You need to calcuate the rate of constant deceleration, and the amount of time it takes for the platform to stop.

This was already done previously and as posted a = -66.66666... and t = 1.5

Given the contraint that there are 50 clock ticks, a clock tick is 1.5 t / 50 = .03 t

Then for each clock tick, the velocity decreases by the rate of deceleration times the elapsed time of a clock tick.
Change in velocity for each tick is .03 t x -66.6666... = 2.0

Average velocity for each tick is 1/2 x (initial velocity+final velocity)

Distance moved per tick is the average velocity for the tick period times the tick period.

tick  time  position  velocity  average velocity
 0    0.00   0.00     100
 1    0.03   2.97      98       99
 2    0.06   5.88      96       97
 3    0.09   8.73      94       95
...
49    1.47  74.97       2        3
50    1.50  75.00       0        1

 

[rcgldr]

Using calculus to solve real world differntial equations

In the real world of physics, even an ordinary event as simple ballastics that take into account the density of atmoshpere, and change in gravity versus altitude end up producing differential equations that can't be solved directly, so the answer is numerical integration, implemented via a series of small steps in time, which is similar to the process you're describing.

In this example, the differential equations return an acceleration vector given a velocity vector and position for the object in question. Then then for a small step in time later, a new velocity and position is calculated. A new acceleration vector is calculated using the new velocity and position and the process is repeated. Keeping history of the results in the previous steps can improve accuracy, such as Runge Kutta techniques.
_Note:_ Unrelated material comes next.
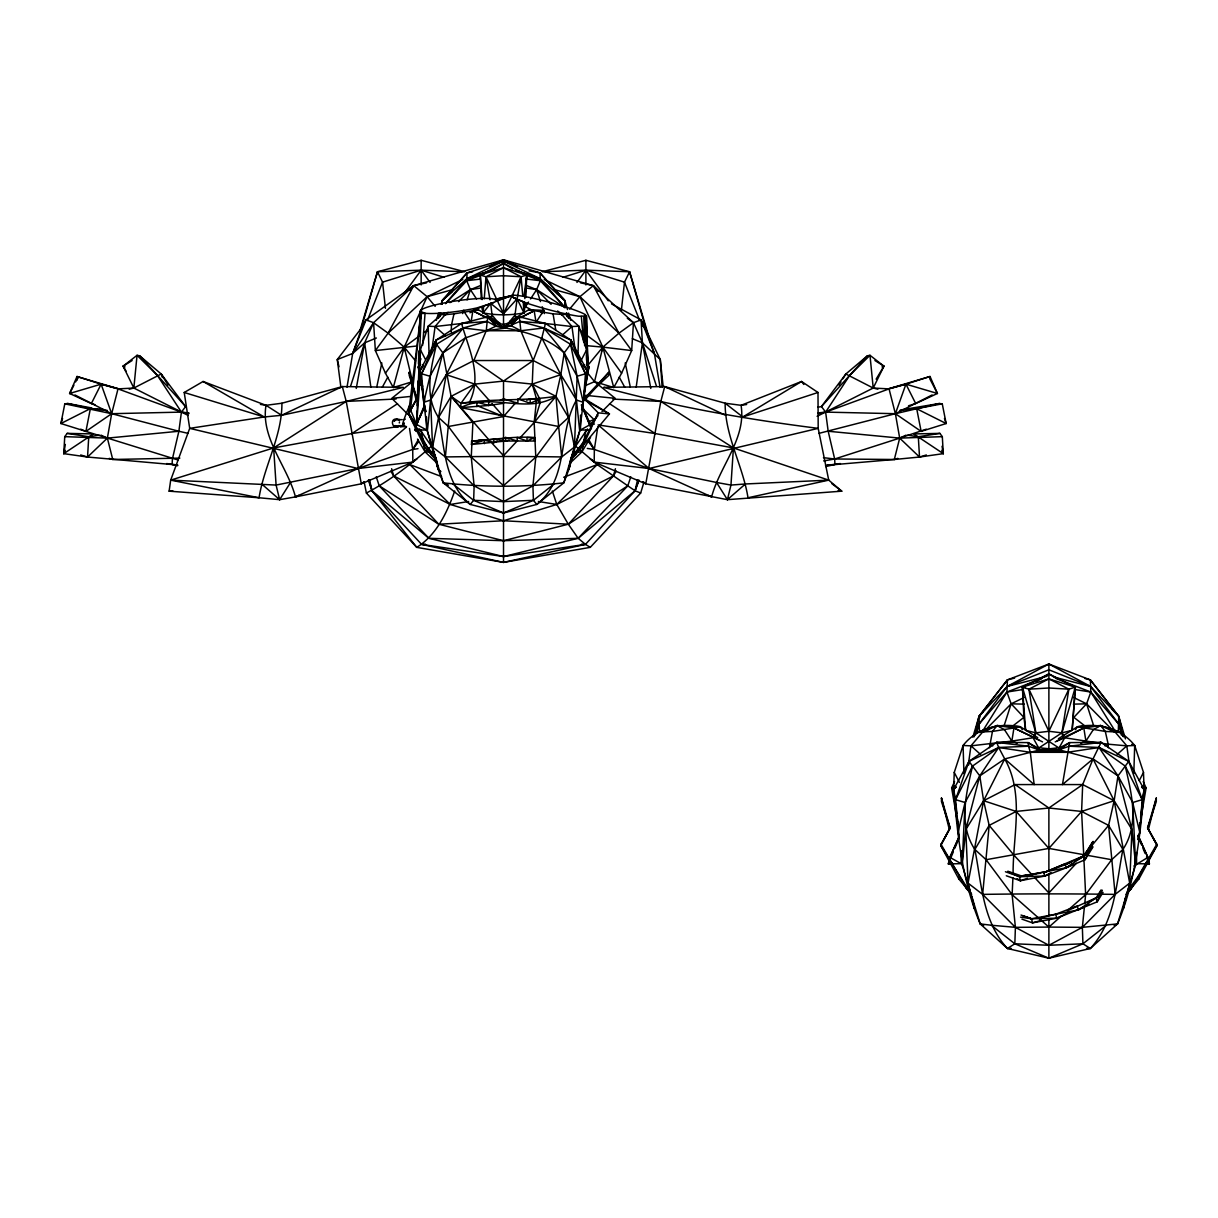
<?xml version="1.0" encoding="UTF-8"?>
<svg xmlns="http://www.w3.org/2000/svg" width="1218" height="1218" viewBox="0 0 1218 1218"><rect width="100%" height="100%" fill="white"/><g stroke="black" fill="none" stroke-linecap="round" stroke-linejoin="round"><path stroke-width="1.5" d="M420.347 375.448L416.617 424.443L415.247 430.167L426.544 429.969L426.544 416.937M958.947 836.964L949.888 857.381L948.32 863.912L961.185 863.669L961.2 850.575M436.196 460.084L431.279 454.558L431.309 451.741L425.006 444.144L408.517 413.907L421.382 309.737A38.397 5.283 -8.2 0 1 458.196 300.602A38.397 5.283 -8.2 0 1 494.828 299.4L512.885 295.35M590.045 458.79L594.201 462.109L649.027 468.504L818.191 428.355L817.994 392.485L742.797 416.982L725.136 403.219C724.984 436.181 742.904 465.733 748.004 497.766L828.727 480.136L818.191 428.355C745.842 419.22 674.133 406.645 603.732 387.354L664.708 386.578L725.136 403.219L741.062 405.32C746.482 438.526 719.64 466.098 711.616 496.898L649.027 468.504L598.099 424.915L655.177 433.562L733.419 447.935L828.727 480.136L841.76 491.174L727.405 499.669L645.768 483.82L594.201 462.109L594.338 449.457L597.825 426.665M584.61 345.623L585.158 314.625L583.894 313.818A39.052 3.669 15.1 0 0 549.12 302.186A39.052 3.669 15.1 0 0 514.179 295.213L494.828 299.4L496.076 300.602L511.59 295.974M584.655 341.999L585.097 316.558L586.406 315.934L585.158 314.625L587.807 363.817L586.406 315.934L578.854 316.238A39.052 3.669 15.1 0 1 525.917 302.825L514.087 298.106L511.606 295.487L482.983 306.418M971.538 894.088L966.59 888.82L966.62 886.963L940.661 845.383L950.131 827.935L941.468 798.049L941.468 801.566L950.131 827.935L940.661 845.383L958.794 878.909L971.553 894.393M586.406 315.934L587.807 363.817M281.921 403.219C282.074 436.181 264.154 465.733 259.053 497.766L169.119 491.174L170.687 480.136L189.703 428.355L184.222 392.485L203.102 381.478L265.996 405.32L281.586 415.292L346.232 401.422L403.325 387.354L342.334 386.578L281.921 403.219L265.996 405.32L260.424 404.406M442.104 304.119L442.195 300.587L467.118 272.908L503.521 261.109L539.939 272.908L564.863 300.587L567.512 309.555M571.044 457.983L568.928 469.204L574.47 447.052L577.119 376.255L570.557 344.298L570.998 340.142L545.451 323.47L519.066 316.741L513.006 321.948L503.521 326.744L495.848 326.211L487.2 321.4L461.607 323.47L436.059 340.142L419.875 370.942L427.351 431.05L438.13 469.204L443.23 482.846L470.255 504.435L503.521 512.976L536.803 504.435L563.812 482.846L568.928 469.204L579.707 431.05L587.183 370.942L588.888 367.044L586.665 360.376L586.452 354.773M979.47 732.505L979.028 716.306L1007.408 679.888L1048.881 664.008L1090.354 679.888L1118.733 716.306L1125.432 738.884M426.544 429.969L416.617 424.443L417.013 411.242M417.195 405.579L417.926 381.067M418.444 364.106L418.84 350.906M419.357 333.93L420.043 311.306L421.382 309.737L416.617 424.443L408.517 413.907L408.791 412.872L431.279 454.558L436.501 459.856M577.926 356.113L578.87 326.196L565.67 314.488L553.063 313.863L528.673 309.722L509.809 321.506M1133.806 773.582L1134.689 745.477C1121.139 728.105 1098.499 722.624 1077.519 726.72L1058.427 738.656M586.391 364.365L588.888 367.044L581.625 409.735L583.285 402.321L585.462 373.774L587.183 370.942L570.998 340.142L543.807 327.962L520.817 330.748L486.241 330.748L463.251 327.962L436.501 344.298C431.02 368.156 423.818 395.393 438.541 417.469C444.829 447.691 444.357 483.12 470.255 504.435L473.65 500.309L474.137 485.86L471.259 457.176L472.889 422.539L451.102 396.352L442.865 352.885L436.501 344.298L436.059 340.142L463.251 327.962L487.2 321.4L487.976 316.741L461.607 323.47C468.717 349.459 482.77 375.662 469.326 402.503L460.967 403.31L451.102 396.352L438.541 417.469L432.573 447.052L438.13 469.204L440.901 471.564M1138.114 839.613L1139.713 832.183L1132.694 802.51L1117.987 775.881L1093.033 758.921L1059.051 749.786L1039.365 750.014L1028.54 746.223L998.699 747.487L972.527 766.092C966.285 793.268 958.094 824.297 974.857 849.448C981.571 883.492 982.621 921.6 1007.423 948.487L1048.881 958.216L1090.338 948.487L1117.545 923.899C1135.526 881.253 1140.276 835.137 1144.174 789.477L1128.766 761.357L1099.047 747.487L1067.44 752.313L1039.365 750.014L1037.188 747.563L1028.114 742.599L996.659 742.371L968.995 761.357L953.587 789.477C957.485 835.137 962.235 881.253 980.201 923.899L1007.423 948.487L1014.838 943.783L1015.401 927.34L1012.128 894.667L1012.919 877.752M419.814 367.44L420.454 349.84L428.188 326.196L441.388 314.488L444.205 313.391M953.724 787.102L954.257 772.41L963.073 745.477C976.623 728.105 999.262 722.624 1020.242 726.72L1037.736 737.651M427.99 331.524L428.127 327.977M451.193 331.951L451.467 325.054L453.994 313.863L478.385 309.722L500.385 323.47M476.512 298.943L470.392 289.625L466.707 280.719L467.118 272.908L472.584 271.858M989.442 747.715L992.457 731.439L997.1 725.563L1014.655 726.522M1014.624 678.091L1007.408 679.888L1006.936 692.052L1011.138 703.821L1023.912 717.372L1025.617 730.328L1035.848 732.855L1048.881 731.287L1061.913 732.855L1072.145 730.328L1075.357 687.135L1048.881 673.889L1022.404 687.135L1023.912 717.372L1012.508 726.202M541.827 337.995L560.828 374.687L576.464 400.037L583.285 402.321L577.119 376.255L564.193 352.885C545.101 335.559 520.223 330.535 495.848 326.211L487.976 316.741L493.838 322.694L503.521 326.744L511.286 325.769L519.066 316.741L519.858 321.4L543.807 327.962L564.193 352.885L576.464 400.037C557.524 432.999 569.552 478.598 536.803 504.435L533.408 500.309L532.921 485.86L535.798 457.176L534.169 422.539L536.605 399.184L532.251 384.096L533.195 360.528L541.827 337.995L545.451 323.47L519.858 321.4L503.521 328.388L486.241 330.748L465.23 337.995L442.865 352.885L429.939 376.255L423.773 402.321L425.767 411.608M1138.069 839.537L1139.713 832.183L1142.195 799.663L1128.766 761.357L1101.102 742.371L1093.033 758.921L1082.68 784.575L1081.599 811.432L1085.634 894.667L1084.72 903.741M525.597 302.993L523.953 312.889C510.662 315.447 496.396 315.447 483.104 312.889L481.612 306.723L469.92 312.737M525.841 297.39L526.77 274.979L503.521 263.347L480.288 274.979L481.293 299.247M983.626 925.482L980.201 923.899L962.113 864.917L965.052 802.51L979.774 775.881L998.699 747.487L996.659 742.371L1028.54 746.223L1030.321 752.313L1034.143 784.575L1004.728 758.921L998.699 747.487L968.995 761.357L955.567 799.663L959.236 837.756L954.821 848.23M1013.102 873.991C1012.813 835.594 1024.673 794.288 1004.728 758.921L1039.365 750.014L1060.086 747.563L1069.648 742.599L1101.102 742.371L1097.525 743.437M463.251 327.962L442.865 352.885L430.593 400.037L427.351 431.05L443.23 482.846C483.196 487.322 523.862 487.322 563.812 482.846L574.47 447.052L568.517 417.469L555.956 396.352L532.251 384.096L503.521 381.097L474.807 384.096L460.967 403.31L460.754 407.649L558.651 426.483L568.517 417.469L560.828 374.687L564.193 352.885L570.557 344.298L543.807 327.962M471.457 444.479L471.625 441.023C492.711 440.018 513.417 435.937 534.656 437.551L534.824 441.023L505.683 441.023L471.457 444.479L484.353 440.124L493.808 439.226L505.683 441.023L508.957 439.987M523.953 312.889L524.532 302.262L513.235 297.557L517.132 298.836L523.953 312.889L523.268 301.638M175.894 464.865L87.544 457.039L63.762 453.644L64.737 436.653L67.173 433.38L93.329 433.943L63.762 453.644L65.315 444.433M80.692 454.969L87.544 457.039L88.747 436.729L99.48 435.191M441.967 304.287L442.195 300.587L467.118 272.908M1072.145 730.328L1075.357 687.135L1048.881 678.868L1022.404 687.135L1025.617 730.328M422.631 345.303L425.067 313.27L420.043 311.306L422.22 313.559L425.067 313.27A38.397 5.283 -8.2 0 0 476.954 307.91L493.655 302.703M524.836 298.623L526.77 274.979L521.076 276.775L517.132 298.836L503.521 313.742L490.656 303.373L483.104 312.889L483.637 306.114M484.231 298.775L485.982 276.775L503.521 267.716L526.77 274.979L523.968 296.309M1118.291 732.505L1118.733 716.306L1090.354 679.888L1084.949 678.533M554.068 484.018L533.408 500.309L503.521 501.618L474.137 485.86L445.377 456.948L451.102 396.352L474.807 384.096L489.788 401.042M968.675 764.95L968.995 761.357L979.774 775.881L983.611 800.713L989.168 825.393L982.637 894.393L1015.401 927.34L1048.881 945.29L1082.924 943.783L1090.338 948.487C1115.14 921.6 1116.19 883.492 1122.905 849.448C1139.667 824.297 1131.476 793.268 1125.234 766.092L1099.047 747.487L1069.221 746.223L1059.051 749.786L1030.321 752.313L998.699 747.487M1023.912 717.372L1024.247 713.641M1084.355 907.364L1082.36 927.34L1082.924 943.783L1048.881 958.216L1014.838 943.783L991.3 925.238L980.201 923.899M576.464 400.037L579.707 431.05L574.47 447.052L561.681 456.948C522.872 456.324 484.185 456.324 445.377 456.948L432.573 447.052L430.593 400.037L446.23 374.687L473.848 360.528L486.241 330.748L487.2 321.4M962.113 864.917L965.798 829.58L979.774 775.881L1004.728 758.921L983.611 800.713L965.798 829.58L968.066 883.126L974.4 908.369L973.075 901.396M421.382 309.737L410.512 409.827L408.517 413.907L424.443 446.549L431.279 454.558M621.393 310.179L624.499 282.15L629.584 271.751L585.904 260.302L542.223 271.751L585.904 270.168L629.584 271.751L649.499 338.878M1114.135 925.482L1117.545 923.899L1135.648 864.917L1131.964 829.58L1114.15 800.713L1093.033 758.921L1062.446 784.575L1069.648 742.599L1059.051 749.786L1037.188 747.563M1139.393 826.55L1139.881 822.835M1140.596 817.278L1144.174 789.477L1146.092 787.939L1143.215 781.591M517.132 298.836L514.97 315.112L515.869 318.583M177.676 465.733L172.119 464.484L172.393 458.988L178.879 431.248L181.421 412.11L185.608 406.568L161.218 374.002L139.644 355.793L137.055 355.306L123.109 366.176L133.843 388.04L188.242 415.475M432.04 348.774L435.1 326.531L445.133 314.67L453.994 313.863M968.386 764.447L970.944 745.858L982.363 732.353L997.1 725.563L1013.939 727.968L1038.893 739.874M636.177 387.217L642.419 342.837L641.049 319.892L611.497 303.876M399.321 422.92L399.474 421.93M265.996 405.32C260.561 438.526 287.418 466.098 295.441 496.898L361.289 483.82L412.856 462.109L417.013 458.79M1014.838 943.783L1048.881 945.29L1082.36 927.34L1115.125 894.393L1108.593 825.393L1114.15 800.713L1117.987 775.881L1128.766 761.357M489.636 319.421L500.05 323.958L472.858 310.818L471.031 322.344L464.576 312.402M963.956 773.582L963.073 745.477L970.944 745.858L1011.869 741.092L1013.939 727.968L1020.242 726.72L1022.359 729.704M1063.953 735.718L1061.913 732.855L1068.856 689.19L1075.357 687.135L1061.913 732.855L1063.314 738.23M347.008 387.217L352.672 353.479L362.005 327.307L366.009 319.892L413.739 285.636L503.521 259.784L593.318 285.636L633.467 322.709L642.419 342.837L656.472 386.167M1139.546 826.58L1140.17 822.896M1140.794 819.212L1146.092 787.939L1143.26 786.052M465.23 337.995L446.23 374.687L438.541 417.469L448.391 426.483L471.259 457.176L503.521 485.632L535.798 457.176L558.651 426.483L555.956 396.352L560.828 374.687L533.195 360.528L473.848 360.528L503.521 381.097L503.521 562.396L416.754 547.369L366.39 493.031L364.136 482.024M1125.341 897.91L1123.361 908.369L1129.695 883.126L1114.15 800.713L1082.68 784.575L1015.081 784.575L983.611 800.713L968.066 883.126L982.637 894.393C1026.85 893.707 1070.911 893.707 1115.125 894.393L1129.695 883.126L1131.964 829.58L1117.987 775.881L1099.047 747.487M356.25 388.451L364.639 342.837L373.591 322.709L413.739 285.636L426.574 282.82M585.949 429.939L581.884 451.939L569.765 463.434M583.985 393.17L584.686 389.44M585.386 385.71L588.888 367.044M1135.648 864.917L1132.694 802.51L1142.195 799.663L1144.174 789.477L1141.875 787.148M177.904 459.962L85.915 431.4L90.376 408.609L104.169 409.644M91.898 407.984L67.66 403.493L64.798 403.843L60.9 423.529L85.915 431.4L111.675 413.694L181.421 412.11L188.927 412.917M376.743 387.111L381.843 362.934M568.928 469.204L572.11 454.344M602.027 350.814L602.819 347.13L579.92 296.69L544.263 279.47M1123.361 908.369L1125.356 899.067M439.972 316.589L440.779 313.011M368.369 480.166L371.992 490.763L421.595 544.37L503.521 562.396L585.462 544.37L635.065 490.763L637.547 479.801M976.76 733.327L978.8 724.345L1007.149 686.465L1048.881 664.008L1090.597 686.465L1118.733 716.306L1121.656 728.623M424.443 446.549L425.006 444.144M958.794 878.909L959.434 876.168L940.966 844.211M975.694 730.389L979.028 716.306L1007.408 679.888M585.934 385.345L594.536 381.66L602.819 347.13L618.942 333.184L633.467 322.709L641.049 319.892L660.278 359.538L663.094 385.939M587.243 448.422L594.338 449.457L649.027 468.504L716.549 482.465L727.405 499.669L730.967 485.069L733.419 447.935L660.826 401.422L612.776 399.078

Racing games are normally implemented in the same way. The simulated car's position, orientation vector, velocity vector, (orienation versus direction is the yaw) user control inputs (brake, throttle, steering), tire / pavement grip (including slip angle and spin effects), banking of the track, ... are used to calculate an acceleration vector. Then the process as mentioned above is used predict a new velocity, orientation, and position over small steps in time.